* [Task description] Search the records for the string "Author", and show each line where it appears.

____

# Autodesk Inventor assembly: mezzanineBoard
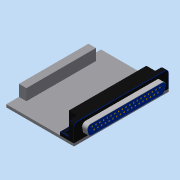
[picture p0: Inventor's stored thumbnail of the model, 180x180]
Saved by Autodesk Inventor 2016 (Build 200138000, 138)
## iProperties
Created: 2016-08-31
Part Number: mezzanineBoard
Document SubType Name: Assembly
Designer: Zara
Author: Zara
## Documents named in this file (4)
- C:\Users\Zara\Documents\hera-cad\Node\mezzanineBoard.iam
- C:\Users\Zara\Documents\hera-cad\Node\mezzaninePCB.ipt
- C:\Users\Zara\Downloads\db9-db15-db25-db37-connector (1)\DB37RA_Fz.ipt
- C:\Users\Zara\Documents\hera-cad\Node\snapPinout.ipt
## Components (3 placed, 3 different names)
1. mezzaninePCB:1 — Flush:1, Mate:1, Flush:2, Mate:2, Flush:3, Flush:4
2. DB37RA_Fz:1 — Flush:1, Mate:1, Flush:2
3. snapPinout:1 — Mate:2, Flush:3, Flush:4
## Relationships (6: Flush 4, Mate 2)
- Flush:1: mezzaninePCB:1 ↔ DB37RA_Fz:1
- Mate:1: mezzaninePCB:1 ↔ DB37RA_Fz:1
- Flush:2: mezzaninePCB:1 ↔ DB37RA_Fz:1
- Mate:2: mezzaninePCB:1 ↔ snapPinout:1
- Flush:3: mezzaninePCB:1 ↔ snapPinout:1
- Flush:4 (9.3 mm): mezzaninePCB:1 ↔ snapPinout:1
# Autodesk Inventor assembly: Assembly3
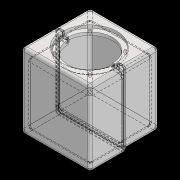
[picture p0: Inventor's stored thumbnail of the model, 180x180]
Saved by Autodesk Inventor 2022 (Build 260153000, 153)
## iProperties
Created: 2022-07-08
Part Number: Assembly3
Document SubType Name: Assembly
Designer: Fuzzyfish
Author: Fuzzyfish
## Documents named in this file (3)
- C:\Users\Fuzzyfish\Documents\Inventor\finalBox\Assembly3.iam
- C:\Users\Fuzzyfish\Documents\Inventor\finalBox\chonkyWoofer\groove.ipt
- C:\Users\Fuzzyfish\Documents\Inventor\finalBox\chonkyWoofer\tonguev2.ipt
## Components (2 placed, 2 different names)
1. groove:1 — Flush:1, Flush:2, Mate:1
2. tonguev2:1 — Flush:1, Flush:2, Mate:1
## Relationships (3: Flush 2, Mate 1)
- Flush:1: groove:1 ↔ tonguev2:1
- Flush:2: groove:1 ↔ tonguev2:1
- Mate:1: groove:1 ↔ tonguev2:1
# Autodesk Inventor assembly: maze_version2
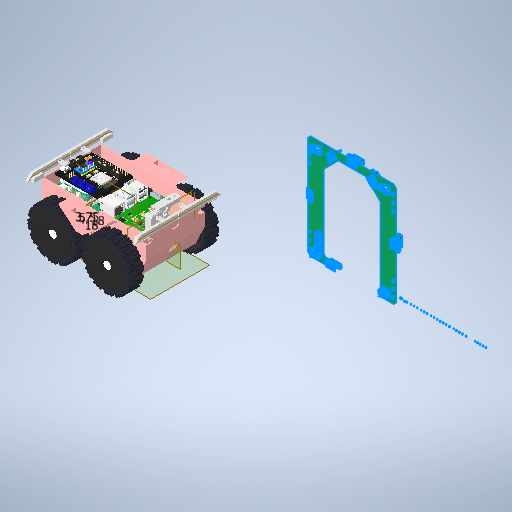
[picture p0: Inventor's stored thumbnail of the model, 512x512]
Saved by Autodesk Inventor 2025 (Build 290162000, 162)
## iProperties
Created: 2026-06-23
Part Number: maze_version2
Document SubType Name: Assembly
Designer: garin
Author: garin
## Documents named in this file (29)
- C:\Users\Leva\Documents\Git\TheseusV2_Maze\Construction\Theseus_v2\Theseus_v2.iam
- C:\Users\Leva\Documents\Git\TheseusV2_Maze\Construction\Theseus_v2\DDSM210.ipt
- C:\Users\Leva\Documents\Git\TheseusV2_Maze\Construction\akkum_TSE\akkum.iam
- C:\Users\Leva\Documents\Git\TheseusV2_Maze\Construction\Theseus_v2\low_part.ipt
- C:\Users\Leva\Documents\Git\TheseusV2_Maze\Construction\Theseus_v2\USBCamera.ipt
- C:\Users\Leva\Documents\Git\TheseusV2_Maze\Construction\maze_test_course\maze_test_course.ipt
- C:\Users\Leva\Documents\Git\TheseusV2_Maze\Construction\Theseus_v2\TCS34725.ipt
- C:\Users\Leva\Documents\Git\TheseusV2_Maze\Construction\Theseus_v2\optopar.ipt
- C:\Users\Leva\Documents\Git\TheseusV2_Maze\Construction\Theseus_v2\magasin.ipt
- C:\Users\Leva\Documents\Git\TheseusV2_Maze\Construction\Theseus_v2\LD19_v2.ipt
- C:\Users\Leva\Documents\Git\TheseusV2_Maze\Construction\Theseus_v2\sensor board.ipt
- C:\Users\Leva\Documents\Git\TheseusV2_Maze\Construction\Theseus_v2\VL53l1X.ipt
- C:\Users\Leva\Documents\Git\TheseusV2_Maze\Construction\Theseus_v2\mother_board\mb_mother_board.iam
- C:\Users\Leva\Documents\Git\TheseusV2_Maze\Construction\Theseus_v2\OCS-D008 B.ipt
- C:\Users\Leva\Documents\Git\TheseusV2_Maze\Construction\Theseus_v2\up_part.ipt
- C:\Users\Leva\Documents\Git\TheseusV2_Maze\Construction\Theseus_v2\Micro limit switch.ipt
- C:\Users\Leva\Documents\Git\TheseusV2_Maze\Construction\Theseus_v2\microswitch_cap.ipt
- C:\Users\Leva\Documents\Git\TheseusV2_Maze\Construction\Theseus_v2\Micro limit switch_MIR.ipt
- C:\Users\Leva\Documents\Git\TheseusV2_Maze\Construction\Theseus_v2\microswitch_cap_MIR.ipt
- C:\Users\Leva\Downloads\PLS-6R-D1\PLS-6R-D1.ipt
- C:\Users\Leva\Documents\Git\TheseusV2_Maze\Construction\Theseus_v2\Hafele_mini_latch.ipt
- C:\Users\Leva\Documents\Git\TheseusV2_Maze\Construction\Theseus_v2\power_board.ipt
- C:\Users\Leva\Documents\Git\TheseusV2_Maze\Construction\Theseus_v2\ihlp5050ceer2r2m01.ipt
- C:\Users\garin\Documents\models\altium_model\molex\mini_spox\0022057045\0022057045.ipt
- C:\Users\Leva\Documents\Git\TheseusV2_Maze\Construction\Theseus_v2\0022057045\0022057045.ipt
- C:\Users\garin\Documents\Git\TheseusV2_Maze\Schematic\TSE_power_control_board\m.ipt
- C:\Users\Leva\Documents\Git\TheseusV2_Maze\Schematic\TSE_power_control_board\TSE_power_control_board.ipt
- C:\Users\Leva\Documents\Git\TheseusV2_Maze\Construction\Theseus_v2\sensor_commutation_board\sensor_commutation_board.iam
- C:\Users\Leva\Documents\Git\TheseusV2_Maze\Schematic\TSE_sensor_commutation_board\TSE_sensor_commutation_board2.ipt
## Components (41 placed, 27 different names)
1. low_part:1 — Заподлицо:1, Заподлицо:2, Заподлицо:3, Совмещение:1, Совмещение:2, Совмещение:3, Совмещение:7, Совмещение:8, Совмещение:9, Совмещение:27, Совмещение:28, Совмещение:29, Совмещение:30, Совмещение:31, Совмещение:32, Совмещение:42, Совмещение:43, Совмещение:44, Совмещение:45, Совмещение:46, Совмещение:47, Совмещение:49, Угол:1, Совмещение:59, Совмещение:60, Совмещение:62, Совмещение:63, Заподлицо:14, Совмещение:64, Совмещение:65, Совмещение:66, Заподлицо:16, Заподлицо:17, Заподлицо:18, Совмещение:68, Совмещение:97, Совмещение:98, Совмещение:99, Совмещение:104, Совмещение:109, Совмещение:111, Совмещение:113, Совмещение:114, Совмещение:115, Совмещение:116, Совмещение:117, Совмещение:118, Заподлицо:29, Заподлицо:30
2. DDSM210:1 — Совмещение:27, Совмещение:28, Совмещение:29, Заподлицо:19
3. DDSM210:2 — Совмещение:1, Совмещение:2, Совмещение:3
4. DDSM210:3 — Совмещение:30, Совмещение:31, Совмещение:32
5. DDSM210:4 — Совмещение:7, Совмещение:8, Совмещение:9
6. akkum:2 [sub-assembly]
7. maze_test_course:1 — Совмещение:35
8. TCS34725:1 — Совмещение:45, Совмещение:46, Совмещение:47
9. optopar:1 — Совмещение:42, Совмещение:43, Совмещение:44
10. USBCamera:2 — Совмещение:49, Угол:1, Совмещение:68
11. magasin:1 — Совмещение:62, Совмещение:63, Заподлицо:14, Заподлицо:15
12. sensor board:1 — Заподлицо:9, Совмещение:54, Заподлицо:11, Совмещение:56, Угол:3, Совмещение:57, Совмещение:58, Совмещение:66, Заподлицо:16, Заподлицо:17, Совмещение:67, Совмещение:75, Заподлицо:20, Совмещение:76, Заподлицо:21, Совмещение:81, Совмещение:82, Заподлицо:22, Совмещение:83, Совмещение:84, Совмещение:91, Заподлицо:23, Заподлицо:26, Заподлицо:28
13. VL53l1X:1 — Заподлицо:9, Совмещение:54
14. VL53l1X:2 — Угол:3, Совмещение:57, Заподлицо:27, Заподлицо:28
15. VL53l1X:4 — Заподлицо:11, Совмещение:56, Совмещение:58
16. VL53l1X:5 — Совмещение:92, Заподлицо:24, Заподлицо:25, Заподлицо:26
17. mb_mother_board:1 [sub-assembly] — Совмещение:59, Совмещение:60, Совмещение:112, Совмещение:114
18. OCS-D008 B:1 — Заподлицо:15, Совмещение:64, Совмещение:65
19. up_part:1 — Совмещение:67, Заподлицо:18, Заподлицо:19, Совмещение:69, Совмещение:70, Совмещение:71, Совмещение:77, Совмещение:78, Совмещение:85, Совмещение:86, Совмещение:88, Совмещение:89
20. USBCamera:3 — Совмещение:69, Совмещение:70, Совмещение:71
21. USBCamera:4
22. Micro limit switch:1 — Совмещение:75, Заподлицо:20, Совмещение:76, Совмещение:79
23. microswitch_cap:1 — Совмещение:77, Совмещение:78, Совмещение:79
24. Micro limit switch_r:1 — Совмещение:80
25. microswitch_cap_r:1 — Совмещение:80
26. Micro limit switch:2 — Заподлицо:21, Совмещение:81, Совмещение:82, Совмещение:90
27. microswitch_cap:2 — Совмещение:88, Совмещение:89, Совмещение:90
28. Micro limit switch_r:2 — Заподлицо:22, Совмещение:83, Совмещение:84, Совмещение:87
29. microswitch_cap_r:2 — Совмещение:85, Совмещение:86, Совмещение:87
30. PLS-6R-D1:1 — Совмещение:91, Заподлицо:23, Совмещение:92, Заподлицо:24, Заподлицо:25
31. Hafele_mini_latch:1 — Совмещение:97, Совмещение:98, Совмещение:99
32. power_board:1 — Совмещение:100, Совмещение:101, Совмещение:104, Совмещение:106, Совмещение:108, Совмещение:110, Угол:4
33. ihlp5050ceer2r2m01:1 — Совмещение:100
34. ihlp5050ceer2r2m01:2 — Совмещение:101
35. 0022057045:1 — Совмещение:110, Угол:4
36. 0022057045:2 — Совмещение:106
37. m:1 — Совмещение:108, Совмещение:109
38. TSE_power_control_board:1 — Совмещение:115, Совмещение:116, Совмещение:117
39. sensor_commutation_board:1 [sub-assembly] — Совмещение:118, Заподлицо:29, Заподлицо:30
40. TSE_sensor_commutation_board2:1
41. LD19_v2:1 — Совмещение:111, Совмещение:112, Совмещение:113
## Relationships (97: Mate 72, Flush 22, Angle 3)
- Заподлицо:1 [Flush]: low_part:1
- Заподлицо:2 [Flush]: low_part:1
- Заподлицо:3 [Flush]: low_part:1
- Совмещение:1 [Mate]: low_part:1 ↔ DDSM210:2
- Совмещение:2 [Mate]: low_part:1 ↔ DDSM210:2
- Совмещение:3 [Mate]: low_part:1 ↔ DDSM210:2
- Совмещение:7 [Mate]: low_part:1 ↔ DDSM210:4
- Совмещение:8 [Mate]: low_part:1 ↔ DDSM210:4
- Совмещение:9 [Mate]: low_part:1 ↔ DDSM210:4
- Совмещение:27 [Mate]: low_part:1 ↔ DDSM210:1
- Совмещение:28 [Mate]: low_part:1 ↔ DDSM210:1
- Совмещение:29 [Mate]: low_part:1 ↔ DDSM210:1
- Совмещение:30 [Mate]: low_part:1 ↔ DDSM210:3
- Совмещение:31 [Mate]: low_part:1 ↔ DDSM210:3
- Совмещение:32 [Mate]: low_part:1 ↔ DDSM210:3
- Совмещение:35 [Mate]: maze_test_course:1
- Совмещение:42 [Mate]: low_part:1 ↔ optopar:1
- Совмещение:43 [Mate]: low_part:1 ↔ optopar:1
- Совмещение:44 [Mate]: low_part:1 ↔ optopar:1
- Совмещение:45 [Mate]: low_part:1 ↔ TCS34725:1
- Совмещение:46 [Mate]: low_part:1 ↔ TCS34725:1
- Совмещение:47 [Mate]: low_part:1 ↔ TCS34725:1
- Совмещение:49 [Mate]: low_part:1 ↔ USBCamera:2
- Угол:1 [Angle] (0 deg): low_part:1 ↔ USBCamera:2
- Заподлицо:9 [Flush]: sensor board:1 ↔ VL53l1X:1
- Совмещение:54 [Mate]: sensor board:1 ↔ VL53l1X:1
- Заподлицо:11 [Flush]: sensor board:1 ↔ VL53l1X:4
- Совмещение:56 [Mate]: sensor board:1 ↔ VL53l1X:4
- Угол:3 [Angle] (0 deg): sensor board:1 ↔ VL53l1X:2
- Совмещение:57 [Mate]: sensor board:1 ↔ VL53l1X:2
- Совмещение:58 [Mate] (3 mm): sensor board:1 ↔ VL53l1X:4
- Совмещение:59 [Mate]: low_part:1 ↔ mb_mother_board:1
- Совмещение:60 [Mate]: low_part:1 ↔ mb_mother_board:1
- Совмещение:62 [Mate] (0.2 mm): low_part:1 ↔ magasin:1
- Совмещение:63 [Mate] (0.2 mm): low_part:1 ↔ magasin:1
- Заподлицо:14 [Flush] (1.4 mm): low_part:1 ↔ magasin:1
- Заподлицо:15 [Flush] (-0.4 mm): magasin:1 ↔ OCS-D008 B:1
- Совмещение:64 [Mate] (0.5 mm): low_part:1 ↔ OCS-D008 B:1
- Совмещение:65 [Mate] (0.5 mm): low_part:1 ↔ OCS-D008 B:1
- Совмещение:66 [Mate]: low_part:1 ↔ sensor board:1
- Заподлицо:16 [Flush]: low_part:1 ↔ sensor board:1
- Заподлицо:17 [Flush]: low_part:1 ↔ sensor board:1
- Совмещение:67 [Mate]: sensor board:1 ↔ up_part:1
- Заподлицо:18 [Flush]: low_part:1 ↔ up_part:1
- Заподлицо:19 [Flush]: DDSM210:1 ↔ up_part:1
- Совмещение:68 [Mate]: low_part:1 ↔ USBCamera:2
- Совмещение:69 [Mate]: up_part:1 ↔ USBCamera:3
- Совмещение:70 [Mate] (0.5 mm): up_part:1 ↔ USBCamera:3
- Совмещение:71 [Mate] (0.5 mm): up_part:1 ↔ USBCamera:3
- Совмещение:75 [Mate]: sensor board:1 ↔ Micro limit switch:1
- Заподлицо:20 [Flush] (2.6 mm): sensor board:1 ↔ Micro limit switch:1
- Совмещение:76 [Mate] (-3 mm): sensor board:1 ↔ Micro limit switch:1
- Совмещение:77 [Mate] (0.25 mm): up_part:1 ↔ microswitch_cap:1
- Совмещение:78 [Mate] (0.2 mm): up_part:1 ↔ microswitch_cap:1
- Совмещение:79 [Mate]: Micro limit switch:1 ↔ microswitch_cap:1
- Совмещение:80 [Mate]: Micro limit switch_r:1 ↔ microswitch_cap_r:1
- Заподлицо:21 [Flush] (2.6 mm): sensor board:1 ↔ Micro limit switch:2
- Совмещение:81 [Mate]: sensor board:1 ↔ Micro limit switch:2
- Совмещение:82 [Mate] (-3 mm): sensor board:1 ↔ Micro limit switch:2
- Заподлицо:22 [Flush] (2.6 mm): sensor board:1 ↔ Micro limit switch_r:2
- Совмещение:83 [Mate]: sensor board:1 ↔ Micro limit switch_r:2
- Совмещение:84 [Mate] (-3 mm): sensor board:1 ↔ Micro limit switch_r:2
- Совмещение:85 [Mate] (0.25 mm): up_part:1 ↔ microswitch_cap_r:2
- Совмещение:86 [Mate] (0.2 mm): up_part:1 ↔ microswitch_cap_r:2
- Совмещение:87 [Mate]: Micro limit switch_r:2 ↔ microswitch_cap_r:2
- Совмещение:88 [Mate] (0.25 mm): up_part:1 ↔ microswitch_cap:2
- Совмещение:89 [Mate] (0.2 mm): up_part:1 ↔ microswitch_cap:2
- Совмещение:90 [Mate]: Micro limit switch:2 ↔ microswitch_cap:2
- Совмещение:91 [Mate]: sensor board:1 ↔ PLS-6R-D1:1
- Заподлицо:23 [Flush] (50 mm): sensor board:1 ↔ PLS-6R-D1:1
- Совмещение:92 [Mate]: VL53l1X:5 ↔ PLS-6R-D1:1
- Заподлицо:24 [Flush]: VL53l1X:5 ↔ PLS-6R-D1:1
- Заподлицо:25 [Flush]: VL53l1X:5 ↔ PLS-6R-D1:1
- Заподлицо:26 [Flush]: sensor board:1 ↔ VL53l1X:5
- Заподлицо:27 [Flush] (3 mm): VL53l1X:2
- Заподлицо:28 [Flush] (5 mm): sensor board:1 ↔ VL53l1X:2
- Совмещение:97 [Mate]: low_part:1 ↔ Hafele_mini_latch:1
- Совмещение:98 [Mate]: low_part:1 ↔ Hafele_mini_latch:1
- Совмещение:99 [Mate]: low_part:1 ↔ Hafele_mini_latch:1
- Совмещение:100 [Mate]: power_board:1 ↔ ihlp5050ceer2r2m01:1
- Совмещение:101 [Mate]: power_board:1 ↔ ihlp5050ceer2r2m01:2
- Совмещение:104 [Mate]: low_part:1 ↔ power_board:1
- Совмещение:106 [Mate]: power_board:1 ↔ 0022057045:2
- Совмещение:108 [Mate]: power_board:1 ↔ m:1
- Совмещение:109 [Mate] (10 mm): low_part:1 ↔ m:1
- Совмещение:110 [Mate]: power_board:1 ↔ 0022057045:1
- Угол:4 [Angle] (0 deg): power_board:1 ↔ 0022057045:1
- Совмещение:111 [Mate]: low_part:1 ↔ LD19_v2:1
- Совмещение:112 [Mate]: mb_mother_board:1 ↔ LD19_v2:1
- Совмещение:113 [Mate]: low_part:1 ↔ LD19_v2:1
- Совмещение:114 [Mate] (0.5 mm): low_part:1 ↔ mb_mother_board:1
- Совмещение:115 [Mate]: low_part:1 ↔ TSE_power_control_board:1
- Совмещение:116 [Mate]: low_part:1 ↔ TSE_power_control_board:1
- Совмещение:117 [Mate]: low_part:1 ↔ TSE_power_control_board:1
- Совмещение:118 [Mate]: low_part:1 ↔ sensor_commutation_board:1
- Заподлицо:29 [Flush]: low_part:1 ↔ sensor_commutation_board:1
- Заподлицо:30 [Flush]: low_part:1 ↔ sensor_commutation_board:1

____

* [Problem solution]
Author: Zara
Author: Fuzzyfish
Author: garin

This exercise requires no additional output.